LAVÉRAN Alphonse (prix Nobel de médecine), BLANCHARD R
publié en 1895

Cet ouvrage est consacré aux vers du sang chez l’homme et les animaux vertébrés, c’est-à-dire aux helminthes capables de vivre, temporairement ou définitivement, dans le système vasculaire. Les auteurs rappellent d’abord que l’idée de vers sanguicoles est ancienne, mais que de nombreuses observations anciennes reposaient sur des confusions avec des caillots fibrineux. Les premières constatations jugées authentiques datent de l’époque moderne et ont progressivement conduit à reconnaître l’importance pathologique de ces parasites.

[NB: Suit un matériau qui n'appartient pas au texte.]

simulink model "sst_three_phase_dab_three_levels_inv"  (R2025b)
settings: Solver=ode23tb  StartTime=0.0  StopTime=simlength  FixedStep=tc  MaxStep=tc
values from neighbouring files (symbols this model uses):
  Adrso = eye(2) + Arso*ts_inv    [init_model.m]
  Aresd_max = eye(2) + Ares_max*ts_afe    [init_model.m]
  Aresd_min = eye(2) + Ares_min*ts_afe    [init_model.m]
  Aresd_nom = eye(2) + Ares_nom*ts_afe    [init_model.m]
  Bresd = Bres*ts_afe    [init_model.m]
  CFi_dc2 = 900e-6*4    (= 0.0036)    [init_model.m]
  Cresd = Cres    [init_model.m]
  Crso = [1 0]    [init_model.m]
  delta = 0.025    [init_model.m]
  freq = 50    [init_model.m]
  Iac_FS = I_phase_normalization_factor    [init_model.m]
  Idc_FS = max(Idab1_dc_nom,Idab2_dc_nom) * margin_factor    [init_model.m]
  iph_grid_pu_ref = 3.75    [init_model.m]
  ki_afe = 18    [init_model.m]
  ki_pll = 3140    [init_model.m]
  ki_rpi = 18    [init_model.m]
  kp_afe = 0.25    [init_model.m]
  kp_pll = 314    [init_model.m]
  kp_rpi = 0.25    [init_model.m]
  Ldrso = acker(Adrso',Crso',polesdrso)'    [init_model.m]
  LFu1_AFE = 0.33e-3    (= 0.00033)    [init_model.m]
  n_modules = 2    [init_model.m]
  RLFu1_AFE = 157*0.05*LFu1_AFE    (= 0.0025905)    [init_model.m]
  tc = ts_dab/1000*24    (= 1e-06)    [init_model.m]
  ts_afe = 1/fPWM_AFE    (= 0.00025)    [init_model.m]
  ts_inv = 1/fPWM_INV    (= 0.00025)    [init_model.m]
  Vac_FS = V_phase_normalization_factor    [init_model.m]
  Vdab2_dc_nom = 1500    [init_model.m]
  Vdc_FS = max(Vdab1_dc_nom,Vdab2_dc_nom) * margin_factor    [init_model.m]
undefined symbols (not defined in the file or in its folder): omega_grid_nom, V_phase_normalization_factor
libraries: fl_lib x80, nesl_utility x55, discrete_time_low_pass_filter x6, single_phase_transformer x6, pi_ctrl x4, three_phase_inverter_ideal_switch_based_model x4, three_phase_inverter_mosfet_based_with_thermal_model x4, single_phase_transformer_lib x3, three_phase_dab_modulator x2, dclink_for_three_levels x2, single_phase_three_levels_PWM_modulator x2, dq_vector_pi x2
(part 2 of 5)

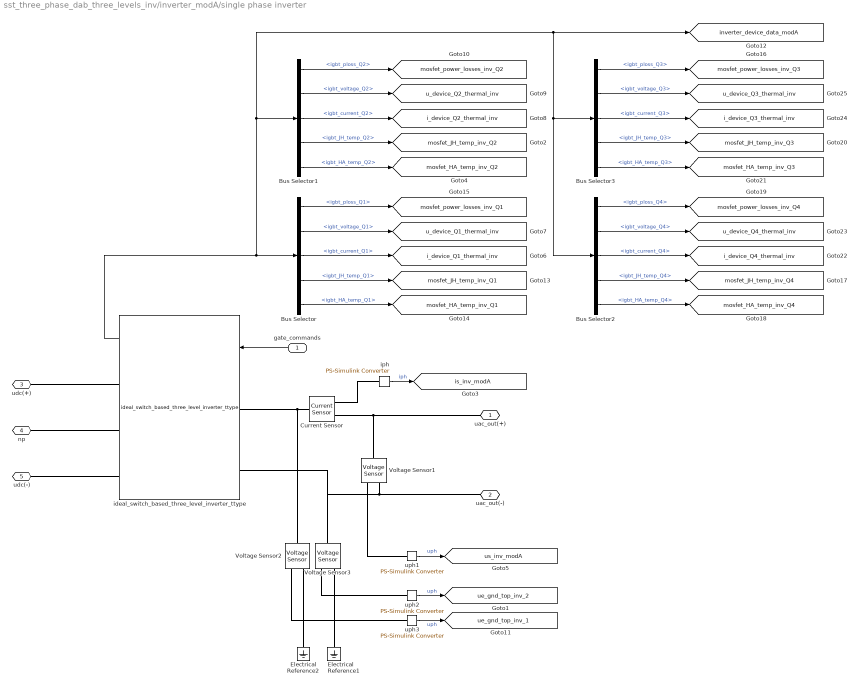
== system sst_three_phase_dab_three_levels_inv/inverter_modA/single phase inverter ==
  gate_commands : Inport
  Bus Selector : BusSelector  OutputSignals=igbt_ploss_Q1,igbt_voltage_Q1,igbt_current_Q1,igbt_JH_temp_Q1,igbt_HA_temp_Q1
  Bus Selector1 : BusSelector  OutputSignals=igbt_ploss_Q2,igbt_voltage_Q2,igbt_current_Q2,igbt_JH_temp_Q2,igbt_HA_temp_Q2
  Bus Selector2 : BusSelector  OutputSignals=igbt_ploss_Q4,igbt_voltage_Q4,igbt_current_Q4,igbt_JH_temp_Q4,igbt_HA_temp_Q4
  Bus Selector3 : BusSelector  OutputSignals=igbt_ploss_Q3,igbt_voltage_Q3,igbt_current_Q3,igbt_JH_temp_Q3,igbt_HA_temp_Q3
  Current Sensor : fl_lib/Electrical/Electrical Sensors/Current Sensor
  Electrical Reference1 : fl_lib/Electrical/Electrical Elements/Electrical Reference
  Electrical Reference2 : fl_lib/Electrical/Electrical Elements/Electrical Reference
  Voltage Sensor1 : fl_lib/Electrical/Electrical Sensors/Voltage Sensor
  Voltage Sensor2 : fl_lib/Electrical/Electrical Sensors/Voltage Sensor
  Voltage Sensor3 : fl_lib/Electrical/Electrical Sensors/Voltage Sensor
  ideal_switch_based_three_level_inverter_ttype : full_bridge_three_level_ttype_igbt_based_model/ideal_switch_based_three_level_inverter_ttype  Vth_inv_t=inv_t.Vth  Vce_sat_inv_t=inv_t.Vce_sat  Rce_on_inv_t=inv_t.Rce_on  Eon_inv_t=inv_t.Eon  Eoff_inv_t=inv_t.Eoff  Erec_inv_t=inv_t.Erec  Ion_sw_loss_inv_t=inv_t.Ion_sw_losses  Voff_sw_loss_inv_t=inv_t.Voff_sw_losses  Vdon_diode_inv_t=inv_t.Vdon_diode  Rdon_diode_inv_t=inv_t.Rdon_diode  rth_mosfet_JH_inv_t=inv_t.Rth_switch_JH  rth_mosfet_HA_inv_t=Rth_switch_HA  Csnubber_inv_t=inv_t.Csnubber  Rsnubber_inv_t=inv_t.Rsnubber  Vth_inv=inv.Vth  Vce_sat_inv=inv.Vce_sat  Rce_on_inv=inv.Rce_on  Eon_inv=inv.Eon  Eoff_inv=inv.Eoff  Erec_inv=inv.Erec  Ion_sw_loss_inv=inv.Ion_sw_losses  Voff_sw_loss_inv=inv.Voff_sw_losses  Vdon_diode_inv=inv.Vdon_diode  Rdon_diode_inv=inv.Rdon_diode  rth_mosfet_JH_inv=inv.Rth_switch_JH  rth_mosfet_HA_inv=Rth_mosfet_HA  Csnubber_inv=inv.Csnubber  Rsnubber_inv=inv.Rsnubber  tc=tc  JunctionTermalMass=JunctionTermalMass  mass_heatsink=weigth  specific_heat=cp_al  Tambient=Tambient  DThs_init=DThs_init
  iph : nesl_utility/PS-Simulink Converter  PhysicalDomain=network_engine_domain  SubClassName=ps_output  LeftPortType=input  RightPortType=output  PseudoPeriodic=off  Frequencies=[]  VectorFormat=1-D array  Unit=A  AffineConversion=off
  uph1 : nesl_utility/PS-Simulink Converter  PhysicalDomain=network_engine_domain  SubClassName=ps_output  LeftPortType=input  RightPortType=output  PseudoPeriodic=off  Frequencies=[]  VectorFormat=1-D array  Unit=V  AffineConversion=off
  uph2 : nesl_utility/PS-Simulink Converter  PhysicalDomain=network_engine_domain  SubClassName=ps_output  LeftPortType=input  RightPortType=output  PseudoPeriodic=off  Frequencies=[]  VectorFormat=1-D array  Unit=V  AffineConversion=off
  uph3 : nesl_utility/PS-Simulink Converter  PhysicalDomain=network_engine_domain  SubClassName=ps_output  LeftPortType=input  RightPortType=output  PseudoPeriodic=off  Frequencies=[]  VectorFormat=1-D array  Unit=V  AffineConversion=off
  uac_out(+) : PMIOPort  Side=Left
  uac_out(-) : PMIOPort  Port=2  Side=Left
  udc(+) : PMIOPort  Port=3  Side=Right
  np : PMIOPort  Port=4  Side=Right
  udc(-) : PMIOPort  Port=5  Side=Right
  tag scope: i_device_Q1_thermal_inv=global, i_device_Q2_thermal_inv=global, i_device_Q3_thermal_inv=global, i_device_Q4_thermal_inv=global, inverter_device_data_modA=global, is_inv_modA=global, mosfet_HA_temp_inv_Q1=global, mosfet_HA_temp_inv_Q2=global, mosfet_HA_temp_inv_Q3=global, mosfet_HA_temp_inv_Q4=global, mosfet_JH_temp_inv_Q1=global, mosfet_JH_temp_inv_Q2=global, mosfet_JH_temp_inv_Q3=global, mosfet_JH_temp_inv_Q4=global, mosfet_power_losses_inv_Q1=global, mosfet_power_losses_inv_Q2=global, mosfet_power_losses_inv_Q3=global, mosfet_power_losses_inv_Q4=global, u_device_Q1_thermal_inv=global, u_device_Q2_thermal_inv=global, u_device_Q3_thermal_inv=global, u_device_Q4_thermal_inv=global, ue_gnd_top_inv_1=global, ue_gnd_top_inv_2=global, us_inv_modA=global
  wires:
  iph/1 -> [is_inv_modA]  "iph"
  uph1/1 -> [us_inv_modA]  "uph"
  gate_commands/1 -> ideal_switch_based_three_level_inverter_ttype/1
  Bus Selector/1 -> [mosfet_power_losses_inv_Q1]  "<igbt_ploss_Q1>"
  Bus Selector/2 -> [u_device_Q1_thermal_inv]  "<igbt_voltage_Q1>"
  Bus Selector/3 -> [i_device_Q1_thermal_inv]  "<igbt_current_Q1>"
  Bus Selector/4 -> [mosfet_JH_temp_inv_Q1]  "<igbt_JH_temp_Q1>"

Les vers étudiés n’appartiennent pas à un groupe zoologique unique : on y trouve des Trématodes, notamment des Distomes, et des Nématodes. La distinction entre parasites viscéraux et hématozoaires est présentée comme relative : beaucoup d’helminthes pénètrent dans l’organisme par le tube digestif, traversent sa paroi, gagnent la circulation sanguine et se disséminent par le courant vasculaire. Certains quittent ensuite le sang pour se fixer dans un organe ; d’autres y séjournent durablement.

Une large part de l’étude est consacrée à la Douve hépatique. Bien que normalement localisée dans les voies biliaires, elle se nourrit de sang et peut pénétrer dans les vaisseaux. Selon sa taille au moment de cette migration, elle franchit ou non les capillaires et peut se retrouver dans divers territoires : système porte, cœur droit, artère pulmonaire, grande circulation. Sa présence peut passer inaperçue ou provoquer embolies, thromboses, inflammations vasculaires, abcès et kystes fibreux. Les œufs transportés par le sang peuvent également s’enkyster dans les tissus.

L’ouvrage décrit de nombreux cas humains et vétérinaires, avec localisation dans les vaisseaux, le poumon, le foie, les muscles, les séreuses ou d’autres organes. Il souligne ainsi le rôle pathogène parfois majeur des helminthes sanguicoles et la nécessité de les étudier conjointement chez l’homme et chez l’animal.